> What is needed: Below are several records. Retype exactly those lines running from the one with "#20=DIRECTION('',(0.,1.,0.));" through the one with "#30=VERTEX_POINT('',#29);", end lines included, and no others.

> Provided records:
* * * * * * *

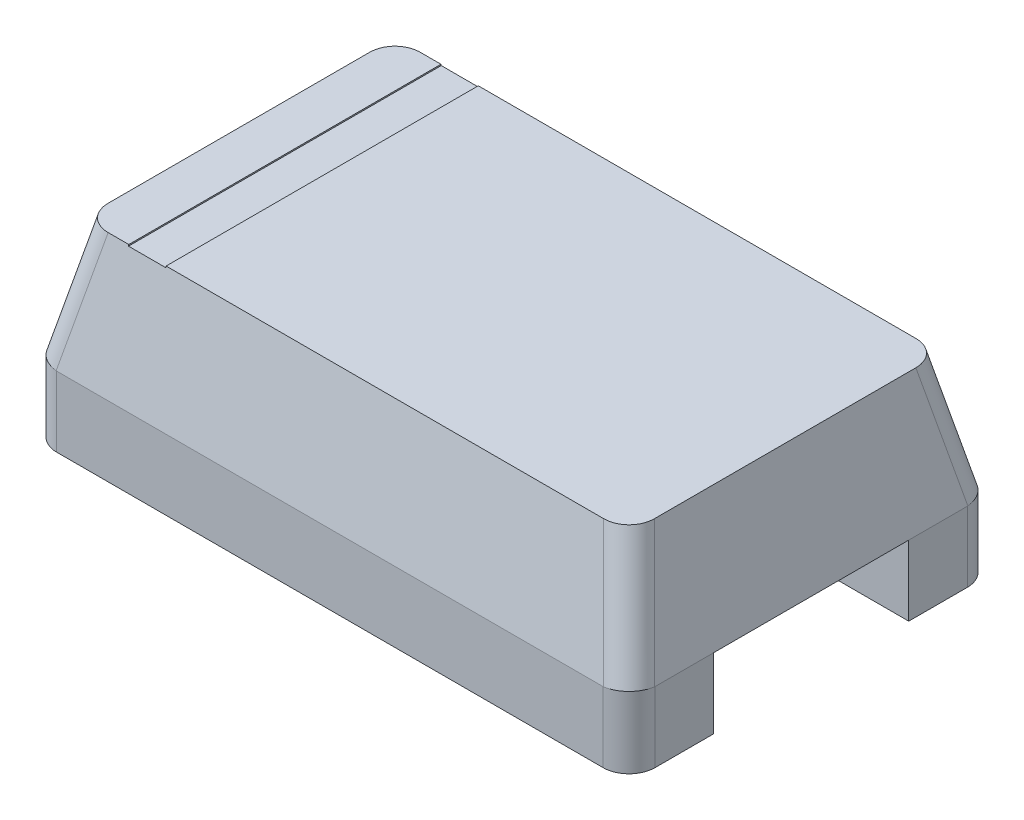
ISO-10303-21;
HEADER;
FILE_DESCRIPTION(('STEP AP214'),'2;1');
FILE_NAME('part.step','',(''),(''),'','','');
FILE_SCHEMA(('AUTOMOTIVE_DESIGN { 1 0 10303 214 1 1 1 1 }'));
ENDSEC;
DATA;
#1=APPLICATION_CONTEXT('core data for automotive mechanical design processes');
#2=APPLICATION_PROTOCOL_DEFINITION('international standard','automotive_design',2000,#1);
#3=PRODUCT_CONTEXT('',#1,'mechanical');
#4=PRODUCT('Part','Part','',(#3));
#5=PRODUCT_RELATED_PRODUCT_CATEGORY('part','',(#4));
#6=PRODUCT_DEFINITION_FORMATION('','',#4);
#7=PRODUCT_DEFINITION_CONTEXT('part definition',#1,'design');
#8=PRODUCT_DEFINITION('design','',#6,#7);
#9=PRODUCT_DEFINITION_SHAPE('','',#8);
#10=(LENGTH_UNIT() NAMED_UNIT(*) SI_UNIT(.MILLI.,.METRE.));
#11=(NAMED_UNIT(*) PLANE_ANGLE_UNIT() SI_UNIT($,.RADIAN.));
#12=(NAMED_UNIT(*) SI_UNIT($,.STERADIAN.) SOLID_ANGLE_UNIT());
#13=UNCERTAINTY_MEASURE_WITH_UNIT(LENGTH_MEASURE(1.E-05),#10,'distance_accuracy_value','');
#14=(GEOMETRIC_REPRESENTATION_CONTEXT(3) GLOBAL_UNCERTAINTY_ASSIGNED_CONTEXT((#13)) GLOBAL_UNIT_ASSIGNED_CONTEXT((#10,
#11,#12)) REPRESENTATION_CONTEXT('',''));
#15=CARTESIAN_POINT('',(0.,0.,0.));
#16=DIRECTION('',(0.,0.,1.));
#17=DIRECTION('',(1.,0.,0.));
#18=AXIS2_PLACEMENT_3D('',#15,#16,#17);
#19=CARTESIAN_POINT('',(5.08935,3.7056,1.104925));
#20=DIRECTION('',(0.,1.,0.));
#21=DIRECTION('',(1.,0.,0.));
#22=AXIS2_PLACEMENT_3D('',#19,#20,#21);
#23=PLANE('',#22);
#24=CARTESIAN_POINT('',(6.13935,3.7056,0.602642636392233));
#25=CARTESIAN_POINT('',(6.13935000000004,3.70559999999999,0.544878720635177));
#26=CARTESIAN_POINT('',(6.0993962793648,3.70559999999999,0.504924999999953));
#27=CARTESIAN_POINT('',(6.0416323636077,3.7056,0.504924999999953));
#28=(BOUNDED_CURVE() B_SPLINE_CURVE(3,(#24,#25,#26,#27),.UNSPECIFIED.,.F.,
.F.) B_SPLINE_CURVE_WITH_KNOTS((4,4),(2.37876533201006,3.90441997516953),
.UNSPECIFIED.) CURVE() GEOMETRIC_REPRESENTATION_ITEM() RATIONAL_B_SPLINE_CURVE((1.,
0.815256875860941,0.815256875860941,1.)) REPRESENTATION_ITEM(''));
#29=CARTESIAN_POINT('',(6.13935,3.7056,0.602642636392233));
#30=VERTEX_POINT('',#29);
#31=CARTESIAN_POINT('',(6.0416323636077,3.7056,0.504924999999953));
#32=VERTEX_POINT('',#31);
#33=EDGE_CURVE('E11',#30,#32,#28,.T.);
#34=ORIENTED_EDGE('',*,*,#33,.T.);
#35=DIRECTION('',(-1.,0.,0.));
#36=VECTOR('',#35,1.);
#37=CARTESIAN_POINT('',(5.08935,3.7056,0.504924999999953));
#38=LINE('',#37,#36);
#39=CARTESIAN_POINT('',(4.3597501776646,3.7056,0.504924999999953));
#40=VERTEX_POINT('',#39);
#41=EDGE_CURVE('E26',#32,#40,#38,.T.);
#42=ORIENTED_EDGE('',*,*,#41,.T.);
#43=DIRECTION('',(0.,0.,1.));
#44=VECTOR('',#43,1.);
#45=CARTESIAN_POINT('',(4.3597501776646,3.7056,1.104925));
#46=LINE('',#45,#44);
#47=CARTESIAN_POINT('',(4.3597501776646,3.7056,1.704925));
#48=VERTEX_POINT('',#47);
#49=EDGE_CURVE('E511',#40,#48,#46,.T.);
#50=ORIENTED_EDGE('',*,*,#49,.T.);
#51=DIRECTION('',(-1.,0.,0.));
#52=VECTOR('',#51,1.);
#53=CARTESIAN_POINT('',(3.93935,3.7056,1.704925));
#54=LINE('',#53,#52);
#55=CARTESIAN_POINT('',(6.0416323636077,3.7056,1.704925));
#56=VERTEX_POINT('',#55);
#57=EDGE_CURVE('E505',#56,#48,#54,.T.);
#58=ORIENTED_EDGE('',*,*,#57,.F.);
#59=CARTESIAN_POINT('',(6.0416323636077,3.7056,1.704925));
#60=CARTESIAN_POINT('',(6.0993962793648,3.70559999999999,1.70492499999998));
#61=CARTESIAN_POINT('',(6.13935000000004,3.70559999999999,1.66497127936475));
#62=CARTESIAN_POINT('',(6.13935,3.7056,1.6072073636077));
#63=(BOUNDED_CURVE() B_SPLINE_CURVE(3,(#59,#60,#61,#62),.UNSPECIFIED.,.F.,
.F.) B_SPLINE_CURVE_WITH_KNOTS((4,4),(2.37876533201006,3.90441997516953),
.UNSPECIFIED.) CURVE() GEOMETRIC_REPRESENTATION_ITEM() RATIONAL_B_SPLINE_CURVE((1.,
0.815256875860941,0.815256875860941,1.)) REPRESENTATION_ITEM(''));
#64=CARTESIAN_POINT('',(6.13935,3.7056,1.6072073636077));
#65=VERTEX_POINT('',#64);
#66=EDGE_CURVE('E501',#56,#65,#63,.T.);
#67=ORIENTED_EDGE('',*,*,#66,.T.);
#68=DIRECTION('',(0.,0.,-1.));
#69=VECTOR('',#68,1.);
#70=CARTESIAN_POINT('',(6.13935,3.7056,1.104925));
#71=LINE('',#70,#69);
#72=EDGE_CURVE('E499',#65,#30,#71,.T.);
#73=ORIENTED_EDGE('',*,*,#72,.T.);
#74=EDGE_LOOP('',(#34,#42,#50,#58,#67,#73));
#75=FACE_BOUND('',#74,.T.);
#76=ADVANCED_FACE('F17',(#75),#23,.T.);
#77=CARTESIAN_POINT('',(5.61435,3.7056,0.504924999999953));
#78=DIRECTION('',(0.,-0.212429644331044,0.977176363922801));
#79=DIRECTION('',(0.,-0.977176363922801,-0.212429644331044));
#80=AXIS2_PLACEMENT_3D('',#77,#78,#79);
#81=PLANE('',#80);
#82=DIRECTION('',(1.,0.,0.));
#83=VECTOR('',#82,1.);
#84=CARTESIAN_POINT('',(5.61435,3.2456,0.404924999999952));
#85=LINE('',#84,#83);
#86=CARTESIAN_POINT('',(4.03935,3.2456,0.404924999999952));
#87=VERTEX_POINT('',#86);
#88=CARTESIAN_POINT('',(6.13935,3.2456,0.404924999999952));
#89=VERTEX_POINT('',#88);
#90=EDGE_CURVE('E494',#87,#89,#85,.T.);
#91=ORIENTED_EDGE('',*,*,#90,.F.);
#92=CARTESIAN_POINT('',(4.0370931074559,3.2457171668928,0.404950471063605));
#93=CARTESIAN_POINT('',(4.03784529318196,3.24563905728904,0.404933490714961));
#94=CARTESIAN_POINT('',(4.0385976226354,3.24560000000003,0.404924999999952));
#95=CARTESIAN_POINT('',(4.03935,3.2456,0.404924999999952));
#96=(BOUNDED_CURVE() B_SPLINE_CURVE(3,(#92,#93,#94,#95),.UNSPECIFIED.,.F.,
.F.) B_SPLINE_CURVE_WITH_KNOTS((4,4),(3.11902181177206,3.14159265358979),
.UNSPECIFIED.) CURVE() GEOMETRIC_REPRESENTATION_ITEM() RATIONAL_B_SPLINE_CURVE((1.,
0.999957546875544,0.999957546875544,1.)) REPRESENTATION_ITEM(''));
#97=CARTESIAN_POINT('',(4.0370931074559,3.2457171668928,0.404950471063605));
#98=VERTEX_POINT('',#97);
#99=EDGE_CURVE('E489',#98,#87,#96,.T.);
#100=ORIENTED_EDGE('',*,*,#99,.F.);
#101=DIRECTION('',(-0.207792908730851,-0.955847380161889,-0.207792908730846));
#102=VECTOR('',#101,1.);
#103=CARTESIAN_POINT('',(4.1370676363923,3.7056,0.504924999999953));
#104=LINE('',#103,#102);
#105=CARTESIAN_POINT('',(4.1370676363923,3.7056,0.504924999999952));
#106=VERTEX_POINT('',#105);
#107=EDGE_CURVE('E486',#106,#98,#104,.T.);
#108=ORIENTED_EDGE('',*,*,#107,.F.);
#109=DIRECTION('',(-1.,0.,0.));
#110=VECTOR('',#109,1.);
#111=CARTESIAN_POINT('',(5.61435,3.7056,0.504924999999953));
#112=LINE('',#111,#110);
#113=CARTESIAN_POINT('',(4.2163599227639,3.7056,0.504924999999953));
#114=VERTEX_POINT('',#113);
#115=EDGE_CURVE('E483',#114,#106,#112,.T.);
#116=ORIENTED_EDGE('',*,*,#115,.F.);
#117=DIRECTION('',(0.,0.977176363922801,0.212429644331044));
#118=VECTOR('',#117,1.);
#119=CARTESIAN_POINT('',(4.2163599227639,3.7056,0.504924999999953));
#120=LINE('',#119,#118);
#121=CARTESIAN_POINT('',(4.2163599227639,3.7006,0.503838043478213));
#122=VERTEX_POINT('',#121);
#123=EDGE_CURVE('E480',#122,#114,#120,.T.);
#124=ORIENTED_EDGE('',*,*,#123,.F.);
#125=DIRECTION('',(-1.,0.,0.));
#126=VECTOR('',#125,1.);
#127=CARTESIAN_POINT('',(5.61435,3.7006,0.503838043478213));
#128=LINE('',#127,#126);
#129=CARTESIAN_POINT('',(4.3597501776646,3.7006,0.503838043478213));
#130=VERTEX_POINT('',#129);
#131=EDGE_CURVE('E477',#130,#122,#128,.T.);
#132=ORIENTED_EDGE('',*,*,#131,.F.);
#133=DIRECTION('',(0.,-0.977176363922801,-0.212429644331044));
#134=VECTOR('',#133,1.);
#135=CARTESIAN_POINT('',(4.3597501776646,3.7056,0.504924999999953));
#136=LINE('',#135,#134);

* * * * * * *

> Answer to this task:
#20=DIRECTION('',(0.,1.,0.));
#21=DIRECTION('',(1.,0.,0.));
#22=AXIS2_PLACEMENT_3D('',#19,#20,#21);
#23=PLANE('',#22);
#24=CARTESIAN_POINT('',(6.13935,3.7056,0.602642636392233));
#25=CARTESIAN_POINT('',(6.13935000000004,3.70559999999999,0.544878720635177));
#26=CARTESIAN_POINT('',(6.0993962793648,3.70559999999999,0.504924999999953));
#27=CARTESIAN_POINT('',(6.0416323636077,3.7056,0.504924999999953));
#28=(BOUNDED_CURVE() B_SPLINE_CURVE(3,(#24,#25,#26,#27),.UNSPECIFIED.,.F.,
.F.) B_SPLINE_CURVE_WITH_KNOTS((4,4),(2.37876533201006,3.90441997516953),
.UNSPECIFIED.) CURVE() GEOMETRIC_REPRESENTATION_ITEM() RATIONAL_B_SPLINE_CURVE((1.,
0.815256875860941,0.815256875860941,1.)) REPRESENTATION_ITEM(''));
#29=CARTESIAN_POINT('',(6.13935,3.7056,0.602642636392233));
#30=VERTEX_POINT('',#29);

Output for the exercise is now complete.